Les analyses de Jacques Cheminade

Concorde-Koursk contrer l’offensive anglo-américaine

dimanche 2 juillet 2000, par Jacques Cheminade

Quelles qu’aient pu être les causes de la destruction du Concorde et du Koursk, il est clair que l’oligarchie anglo-américaine a saisi l’occasion pour lancer une double offensive contre les technologies de pointe et l’Etat-nation. Après les attaques de Margaret Thatcher contre les « illusions de grandeur » de la France, à la Hoover Institution (Californie), Jim Hoagland, dans le Washington Post du 20 août, exprime avec une virulence révélatrice les intentions que ceux qui l’emploient.

Sous le titre « Koursk et Concorde , tous deux trop ambitieux pour durer », le quotidien de « l’élite » washingtonienne soutient que « ces deux désastres séparés sont liés à des causes politiques ». L’origine des deux catastrophes est, selon lui, « un sens de la grandeur nationale exagéré et dépassé », fondé sur un « excès de technologie ». Il conclut : « La grandeur au moyen d’une technologie inutile et chère est un mauvais investissement dans un monde où même le nationalisme doit payer pour s’affirmer, ou bien se soumettre ». Déclarations d’autant plus révélatrices que le New York Times entonne un air similaire. La presse britannique pour sa part, s’en est prise à Air France et à notre pays avec une malveillance telle que British Airways et les milieux anglais de l’aéronautique ont protesté.

Dans ces conditions, il est clair que tous les organes de presse qui ont attaqué, souvent avec virulence, les institutions françaises et russes et dénigré leurs réalisations, ont participé, consciemment ou pas, à une campagne orchestrée.

L’intention de cette campagne ne peut être comprise qu’en considérant l’extrême gravité de la situation financière et monétaire internationale. L’oligarchie financière anglo-américaine, incapable de contrôler son propre système, ne peut manifester son pouvoir que sous forme de nuisance, en tentant d’éliminer tout point de résistance. Elle craint le potentiel militaire russe et n’a pas du tout apprécié les velléités de résistance du gouvernement français, notamment le « non » d’Hubert Védrine à Madeleine Albright (à Varsovie, cf. notre numéro précédent). D’où sa réaction, qu’on peut comparer à celle d’un prédateur blessé et irrité.
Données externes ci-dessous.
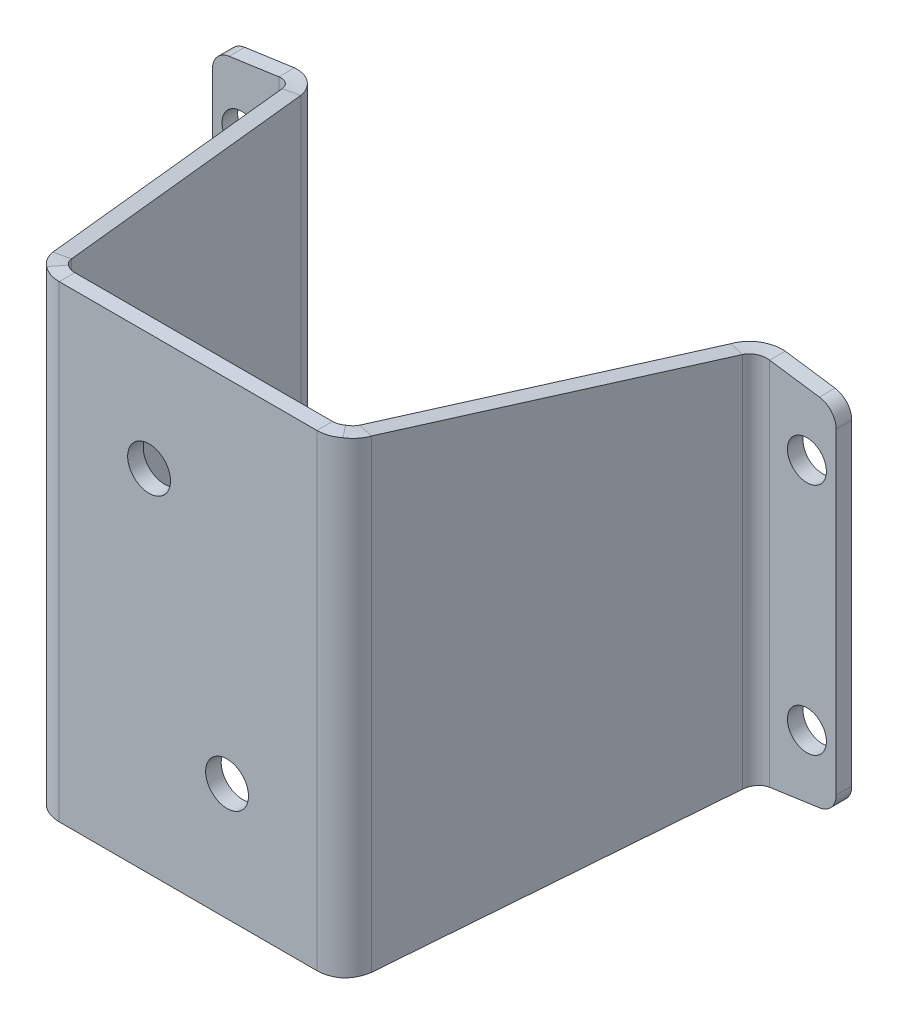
ISO-10303-21;
HEADER;
FILE_DESCRIPTION(('STEP AP214'),'2;1');
FILE_NAME('part.step','',(''),(''),'','','');
FILE_SCHEMA(('AUTOMOTIVE_DESIGN { 1 0 10303 214 1 1 1 1 }'));
ENDSEC;
DATA;
#1=APPLICATION_CONTEXT('core data for automotive mechanical design processes');
#2=APPLICATION_PROTOCOL_DEFINITION('international standard','automotive_design',2000,#1);
#3=PRODUCT_CONTEXT('',#1,'mechanical');
#4=PRODUCT('Part','Part','',(#3));
#5=PRODUCT_RELATED_PRODUCT_CATEGORY('part','',(#4));
#6=PRODUCT_DEFINITION_FORMATION('','',#4);
#7=PRODUCT_DEFINITION_CONTEXT('part definition',#1,'design');
#8=PRODUCT_DEFINITION('design','',#6,#7);
#9=PRODUCT_DEFINITION_SHAPE('','',#8);
#10=(LENGTH_UNIT() NAMED_UNIT(*) SI_UNIT(.MILLI.,.METRE.));
#11=(NAMED_UNIT(*) PLANE_ANGLE_UNIT() SI_UNIT($,.RADIAN.));
#12=(NAMED_UNIT(*) SI_UNIT($,.STERADIAN.) SOLID_ANGLE_UNIT());
#13=UNCERTAINTY_MEASURE_WITH_UNIT(LENGTH_MEASURE(1.E-05),#10,'distance_accuracy_value','');
#14=(GEOMETRIC_REPRESENTATION_CONTEXT(3) GLOBAL_UNCERTAINTY_ASSIGNED_CONTEXT((#13)) GLOBAL_UNIT_ASSIGNED_CONTEXT((#10,
#11,#12)) REPRESENTATION_CONTEXT('',''));
#15=CARTESIAN_POINT('',(0.,0.,0.));
#16=DIRECTION('',(0.,0.,1.));
#17=DIRECTION('',(1.,0.,0.));
#18=AXIS2_PLACEMENT_3D('',#15,#16,#17);
#19=CARTESIAN_POINT('',(74.9872124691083,40.6635229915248,-82.2274502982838));
#20=DIRECTION('',(0.,0.,1.));
#21=DIRECTION('',(1.,0.,0.));
#22=AXIS2_PLACEMENT_3D('',#19,#20,#21);
#23=PLANE('',#22);
#24=CARTESIAN_POINT('',(72.4872124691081,-30.,-82.227450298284));
#25=DIRECTION('',(0.,0.,1.));
#26=DIRECTION('',(0.,-1.,0.));
#27=AXIS2_PLACEMENT_3D('',#24,#25,#26);
#28=CIRCLE('',#27,5.);
#29=CARTESIAN_POINT('',(72.4872124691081,-35.,-82.227450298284));
#30=VERTEX_POINT('',#29);
#31=EDGE_CURVE('E913',#30,#30,#28,.T.);
#32=ORIENTED_EDGE('',*,*,#31,.F.);
#33=EDGE_LOOP('',(#32));
#34=FACE_BOUND('',#33,.T.);
#35=CARTESIAN_POINT('',(72.4872124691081,30.,-82.2274502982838));
#36=DIRECTION('',(0.,0.,1.));
#37=DIRECTION('',(0.,-1.,0.));
#38=AXIS2_PLACEMENT_3D('',#35,#36,#37);
#39=CIRCLE('',#38,5.00000000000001);
#40=CARTESIAN_POINT('',(72.4872124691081,25.,-82.2274502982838));
#41=VERTEX_POINT('',#40);
#42=EDGE_CURVE('E248',#41,#41,#39,.T.);
#43=ORIENTED_EDGE('',*,*,#42,.F.);
#44=EDGE_LOOP('',(#43));
#45=FACE_BOUND('',#44,.T.);
#46=DIRECTION('',(-0.989949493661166,0.141421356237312,0.));
#47=VECTOR('',#46,1.);
#48=CARTESIAN_POINT('',(-25.0127875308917,60.0000000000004,-82.2274502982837));
#49=LINE('',#48,#47);
#50=CARTESIAN_POINT('',(75.6943192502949,45.6132704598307,-82.2274502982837));
#51=VERTEX_POINT('',#50);
#52=CARTESIAN_POINT('',(62.9322810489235,47.4364187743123,-82.2274502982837));
#53=VERTEX_POINT('',#52);
#54=EDGE_CURVE('E1123',#51,#53,#49,.T.);
#55=ORIENTED_EDGE('',*,*,#54,.T.);
#56=DIRECTION('',(0.,-1.,0.));
#57=VECTOR('',#56,1.);
#58=CARTESIAN_POINT('',(62.9322810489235,40.6635229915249,-82.2274502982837));
#59=LINE('',#58,#57);
#60=CARTESIAN_POINT('',(62.9322810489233,-47.4364187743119,-82.227450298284));
#61=VERTEX_POINT('',#60);
#62=EDGE_CURVE('E246',#53,#61,#59,.T.);
#63=ORIENTED_EDGE('',*,*,#62,.T.);
#64=DIRECTION('',(0.989949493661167,0.141421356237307,0.));
#65=VECTOR('',#64,1.);
#66=CARTESIAN_POINT('',(75.6943192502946,-45.6132704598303,-82.227450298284));
#67=LINE('',#66,#65);
#68=CARTESIAN_POINT('',(75.6943192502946,-45.6132704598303,-82.227450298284));
#69=VERTEX_POINT('',#68);
#70=EDGE_CURVE('E1153',#61,#69,#67,.T.);
#71=ORIENTED_EDGE('',*,*,#70,.T.);
#72=CARTESIAN_POINT('',(74.9872124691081,-40.6635229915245,-82.227450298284));
#73=DIRECTION('',(0.,0.,1.));
#74=DIRECTION('',(-1.,0.,0.));
#75=AXIS2_PLACEMENT_3D('',#72,#73,#74);
#76=CIRCLE('',#75,4.99999999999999);
#77=CARTESIAN_POINT('',(79.9872124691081,-40.6635229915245,-82.227450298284));
#78=VERTEX_POINT('',#77);
#79=EDGE_CURVE('E1141',#69,#78,#76,.T.);
#80=ORIENTED_EDGE('',*,*,#79,.T.);
#81=DIRECTION('',(0.,1.,0.));
#82=VECTOR('',#81,1.);
#83=CARTESIAN_POINT('',(79.9872124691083,40.6635229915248,-82.2274502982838));
#84=LINE('',#83,#82);
#85=CARTESIAN_POINT('',(79.9872124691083,40.6635229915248,-82.2274502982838));
#86=VERTEX_POINT('',#85);
#87=EDGE_CURVE('E1137',#78,#86,#84,.T.);
#88=ORIENTED_EDGE('',*,*,#87,.T.);
#89=CARTESIAN_POINT('',(74.9872124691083,40.6635229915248,-82.2274502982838));
#90=DIRECTION('',(0.,0.,1.));
#91=DIRECTION('',(1.,0.,0.));
#92=AXIS2_PLACEMENT_3D('',#89,#90,#91);
#93=CIRCLE('',#92,5.00000000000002);
#94=EDGE_CURVE('E1131',#86,#51,#93,.T.);
#95=ORIENTED_EDGE('',*,*,#94,.T.);
#96=EDGE_LOOP('',(#55,#63,#71,#80,#88,#95));
#97=FACE_BOUND('',#96,.T.);
#98=ADVANCED_FACE('F30',(#34,#45,#97),#23,.T.);
#99=CARTESIAN_POINT('',(74.9872124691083,40.6635229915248,-86.2274502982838));
#100=DIRECTION('',(0.,0.,1.));
#101=DIRECTION('',(1.,0.,0.));
#102=AXIS2_PLACEMENT_3D('',#99,#100,#101);
#103=PLANE('',#102);
#104=CARTESIAN_POINT('',(72.4872124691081,-30.,-86.2274502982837));
#105=DIRECTION('',(0.,0.,-1.));
#106=DIRECTION('',(-1.,0.,0.));
#107=AXIS2_PLACEMENT_3D('',#104,#105,#106);
#108=CIRCLE('',#107,5.);
#109=CARTESIAN_POINT('',(67.4872124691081,-30.,-86.2274502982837));
#110=VERTEX_POINT('',#109);
#111=EDGE_CURVE('E916',#110,#110,#108,.T.);
#112=ORIENTED_EDGE('',*,*,#111,.F.);
#113=EDGE_LOOP('',(#112));
#114=FACE_BOUND('',#113,.T.);
#115=CARTESIAN_POINT('',(72.4872124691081,30.,-86.2274502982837));
#116=DIRECTION('',(0.,0.,-1.));
#117=DIRECTION('',(-1.,0.,0.));
#118=AXIS2_PLACEMENT_3D('',#115,#116,#117);
#119=CIRCLE('',#118,5.00000000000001);
#120=CARTESIAN_POINT('',(67.4872124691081,30.,-86.2274502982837));
#121=VERTEX_POINT('',#120);
#122=EDGE_CURVE('E910',#121,#121,#119,.T.);
#123=ORIENTED_EDGE('',*,*,#122,.F.);
#124=EDGE_LOOP('',(#123));
#125=FACE_BOUND('',#124,.T.);
#126=DIRECTION('',(0.,-1.,0.));
#127=VECTOR('',#126,1.);
#128=CARTESIAN_POINT('',(62.9322810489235,40.6635229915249,-86.2274502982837));
#129=LINE('',#128,#127);
#130=CARTESIAN_POINT('',(62.9322810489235,47.4364187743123,-86.2274502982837));
#131=VERTEX_POINT('',#130);
#132=CARTESIAN_POINT('',(62.9322810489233,-47.4364187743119,-86.2274502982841));
#133=VERTEX_POINT('',#132);
#134=EDGE_CURVE('E54',#131,#133,#129,.T.);
#135=ORIENTED_EDGE('',*,*,#134,.F.);
#136=DIRECTION('',(-0.989949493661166,0.141421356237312,0.));
#137=VECTOR('',#136,1.);
#138=CARTESIAN_POINT('',(-25.0127875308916,60.0000000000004,-86.2274502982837));
#139=LINE('',#138,#137);
#140=CARTESIAN_POINT('',(75.6943192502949,45.6132704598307,-86.2274502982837));
#141=VERTEX_POINT('',#140);
#142=EDGE_CURVE('E1155',#141,#131,#139,.T.);
#143=ORIENTED_EDGE('',*,*,#142,.F.);
#144=CARTESIAN_POINT('',(74.9872124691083,40.6635229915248,-86.2274502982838));
#145=DIRECTION('',(0.,0.,1.));
#146=DIRECTION('',(1.,0.,0.));
#147=AXIS2_PLACEMENT_3D('',#144,#145,#146);
#148=CIRCLE('',#147,5.00000000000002);
#149=CARTESIAN_POINT('',(79.9872124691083,40.6635229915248,-86.2274502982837));
#150=VERTEX_POINT('',#149);
#151=EDGE_CURVE('E1175',#150,#141,#148,.T.);
#152=ORIENTED_EDGE('',*,*,#151,.F.);
#153=DIRECTION('',(0.,1.,0.));
#154=VECTOR('',#153,1.);
#155=CARTESIAN_POINT('',(79.9872124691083,40.6635229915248,-86.2274502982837));
#156=LINE('',#155,#154);
#157=CARTESIAN_POINT('',(79.9872124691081,-40.6635229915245,-86.227450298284));
#158=VERTEX_POINT('',#157);
#159=EDGE_CURVE('E1177',#158,#150,#156,.T.);
#160=ORIENTED_EDGE('',*,*,#159,.F.);
#161=CARTESIAN_POINT('',(74.9872124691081,-40.6635229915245,-86.227450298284));
#162=DIRECTION('',(0.,0.,1.));
#163=DIRECTION('',(-1.,0.,0.));
#164=AXIS2_PLACEMENT_3D('',#161,#162,#163);
#165=CIRCLE('',#164,4.99999999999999);
#166=CARTESIAN_POINT('',(75.6943192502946,-45.6132704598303,-86.227450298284));
#167=VERTEX_POINT('',#166);
#168=EDGE_CURVE('E800',#167,#158,#165,.T.);
#169=ORIENTED_EDGE('',*,*,#168,.F.);
#170=DIRECTION('',(0.989949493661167,0.141421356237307,0.));
#171=VECTOR('',#170,1.);
#172=CARTESIAN_POINT('',(75.6943192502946,-45.6132704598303,-86.227450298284));
#173=LINE('',#172,#171);
#174=EDGE_CURVE('E969',#133,#167,#173,.T.);
#175=ORIENTED_EDGE('',*,*,#174,.F.);
#176=EDGE_LOOP('',(#135,#143,#152,#160,#169,#175));
#177=FACE_BOUND('',#176,.T.);
#178=ADVANCED_FACE('F1105',(#114,#125,#177),#103,.F.);
#179=CARTESIAN_POINT('',(75.6943192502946,-45.6132704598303,-82.227450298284));
#180=DIRECTION('',(-0.141421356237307,0.989949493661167,0.));
#181=DIRECTION('',(-0.989949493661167,-0.141421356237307,0.));
#182=AXIS2_PLACEMENT_3D('',#179,#180,#181);
#183=PLANE('',#182);
#184=CARTESIAN_POINT('',(62.9322810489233,-47.4364187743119,-86.227450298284));
#185=CARTESIAN_POINT('',(62.9322810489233,-47.4364187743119,-82.227450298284));
#186=B_SPLINE_CURVE_WITH_KNOTS('',1,(#184,#185),.UNSPECIFIED.,.F.,.F.,(2,2),(0.,1.),.UNSPECIFIED.);
#187=EDGE_CURVE('E40',#133,#61,#186,.T.);
#188=ORIENTED_EDGE('',*,*,#187,.F.);
#189=ORIENTED_EDGE('',*,*,#174,.T.);
#190=DIRECTION('',(0.,0.,-1.));
#191=VECTOR('',#190,1.);
#192=CARTESIAN_POINT('',(75.6943192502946,-45.6132704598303,-82.227450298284));
#193=LINE('',#192,#191);
#194=EDGE_CURVE('E1150',#69,#167,#193,.T.);
#195=ORIENTED_EDGE('',*,*,#194,.F.);
#196=ORIENTED_EDGE('',*,*,#70,.F.);
#197=EDGE_LOOP('',(#188,#189,#195,#196));
#198=FACE_BOUND('',#197,.T.);
#199=ADVANCED_FACE('F32',(#198),#183,.F.);
#200=CARTESIAN_POINT('',(74.9872124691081,-40.6635229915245,-82.227450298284));
#201=DIRECTION('',(0.,0.,-1.));
#202=DIRECTION('',(-1.,0.,0.));
#203=AXIS2_PLACEMENT_3D('',#200,#201,#202);
#204=CYLINDRICAL_SURFACE('',#203,4.99999999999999);
#205=ORIENTED_EDGE('',*,*,#168,.T.);
#206=DIRECTION('',(0.,0.,-1.));
#207=VECTOR('',#206,1.);
#208=CARTESIAN_POINT('',(79.9872124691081,-40.6635229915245,-82.227450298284));
#209=LINE('',#208,#207);
#210=EDGE_CURVE('E1147',#78,#158,#209,.T.);
#211=ORIENTED_EDGE('',*,*,#210,.F.);
#212=ORIENTED_EDGE('',*,*,#79,.F.);
#213=ORIENTED_EDGE('',*,*,#194,.T.);
#214=EDGE_LOOP('',(#205,#211,#212,#213));
#215=FACE_BOUND('',#214,.T.);
#216=ADVANCED_FACE('F1187',(#215),#204,.T.);
#217=CARTESIAN_POINT('',(79.9872124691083,40.6635229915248,-82.2274502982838));
#218=DIRECTION('',(-1.,0.,0.));
#219=DIRECTION('',(0.,-1.,0.));
#220=AXIS2_PLACEMENT_3D('',#217,#218,#219);
#221=PLANE('',#220);
#222=ORIENTED_EDGE('',*,*,#159,.T.);
#223=DIRECTION('',(0.,0.,-1.));
#224=VECTOR('',#223,1.);
#225=CARTESIAN_POINT('',(79.9872124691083,40.6635229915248,-82.2274502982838));
#226=LINE('',#225,#224);
#227=EDGE_CURVE('E1135',#86,#150,#226,.T.);
#228=ORIENTED_EDGE('',*,*,#227,.F.);
#229=ORIENTED_EDGE('',*,*,#87,.F.);
#230=ORIENTED_EDGE('',*,*,#210,.T.);
#231=EDGE_LOOP('',(#222,#228,#229,#230));
#232=FACE_BOUND('',#231,.T.);
#233=ADVANCED_FACE('F1191',(#232),#221,.F.);
#234=CARTESIAN_POINT('',(74.9872124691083,40.6635229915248,-82.2274502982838));
#235=DIRECTION('',(0.,0.,-1.));
#236=DIRECTION('',(-1.,0.,0.));
#237=AXIS2_PLACEMENT_3D('',#234,#235,#236);
#238=CYLINDRICAL_SURFACE('',#237,5.00000000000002);
#239=ORIENTED_EDGE('',*,*,#151,.T.);
#240=DIRECTION('',(0.,0.,-1.));
#241=VECTOR('',#240,1.);
#242=CARTESIAN_POINT('',(75.6943192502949,45.6132704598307,-82.2274502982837));
#243=LINE('',#242,#241);
#244=EDGE_CURVE('E1130',#51,#141,#243,.T.);
#245=ORIENTED_EDGE('',*,*,#244,.F.);
#246=ORIENTED_EDGE('',*,*,#94,.F.);
#247=ORIENTED_EDGE('',*,*,#227,.T.);
#248=EDGE_LOOP('',(#239,#245,#246,#247));
#249=FACE_BOUND('',#248,.T.);
#250=ADVANCED_FACE('F1115',(#249),#238,.T.);
#251=CARTESIAN_POINT('',(-25.0127875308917,60.0000000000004,-82.2274502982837));
#252=DIRECTION('',(-0.141421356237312,-0.989949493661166,0.));
#253=DIRECTION('',(0.989949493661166,-0.141421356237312,0.));
#254=AXIS2_PLACEMENT_3D('',#251,#252,#253);
#255=PLANE('',#254);
#256=CARTESIAN_POINT('',(62.9322810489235,47.4364187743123,-82.2274502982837));
#257=CARTESIAN_POINT('',(62.9322810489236,47.4364187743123,-86.2274502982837));
#258=B_SPLINE_CURVE_WITH_KNOTS('',1,(#256,#257),.UNSPECIFIED.,.F.,.F.,(2,2),(0.,1.),.UNSPECIFIED.);
#259=EDGE_CURVE('E11',#53,#131,#258,.T.);
#260=ORIENTED_EDGE('',*,*,#259,.F.);
#261=ORIENTED_EDGE('',*,*,#54,.F.);
#262=ORIENTED_EDGE('',*,*,#244,.T.);
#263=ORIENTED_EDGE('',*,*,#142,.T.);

Le danger majeur de cette attitude est de n’ouvrir à l’adversaire aucune porte de sortie : on le frappe à terre et on le somme de céder. Poutine doit renoncer « à son obsession du statut passé de superpuissance de son pays », à des « rodomontades qui ne sont plus de saison ». Et le gouvernement français doit non seulement interdire de vol le Concorde, « avion pour riche cher et polluant », mais renoncer une bonne fois pour toutes à la « prétention gaullienne » et ne pas en construire de nouveau.

Notre réponse devrait être claire, nette et tranchante.

Tout d’abord, en entreprenant la construction d’une nouvelle génération de supersoniques, comme s’y est engagé Jean-Claude Gayssot, au niveau européen, mais en secouant politiquement nos partenaires et non en attendant plus ou moins passivement leur bon vouloir.

Ensuite, en proposant une grande politique spatiale, d’une part en accélérant le projet Darwin, même si son appellation est malheureuse, (c’est le projet de mise sur orbite autour de Jupiter de plusieurs téléscopes spatiaux permettant de détecter des planètes semblables à notre Terre) et d’autre part, en étendant nos ambitions dans tous les domaines, particulièrement l’exploration de Mars.

Enfin, et surtout, en affirmant clairement à l’oligarchie anglo-américaine que la France n’a plus l’intention de jouer son jeu, par respect à la fois pour l’histoire de la France, de l’Europe, des Etats-Unis et de l’amitié franco-américaine.

Si une prise de position de cette nature, manifestant fortement notre volonté, n’est pas prise, si notre diplomatie ne se trouve pas redéployée par rapport à ce volontarisme retrouvé, la situation internationale continuera à se dégrader et, à force de laisser souffler la tempête de la crise monétaire et financière, l’on aboutira fatalement à provoquer un embrasement à partir des foyers de telle ou telle crise locale - faute de vision, faute de perspective, faute de courage.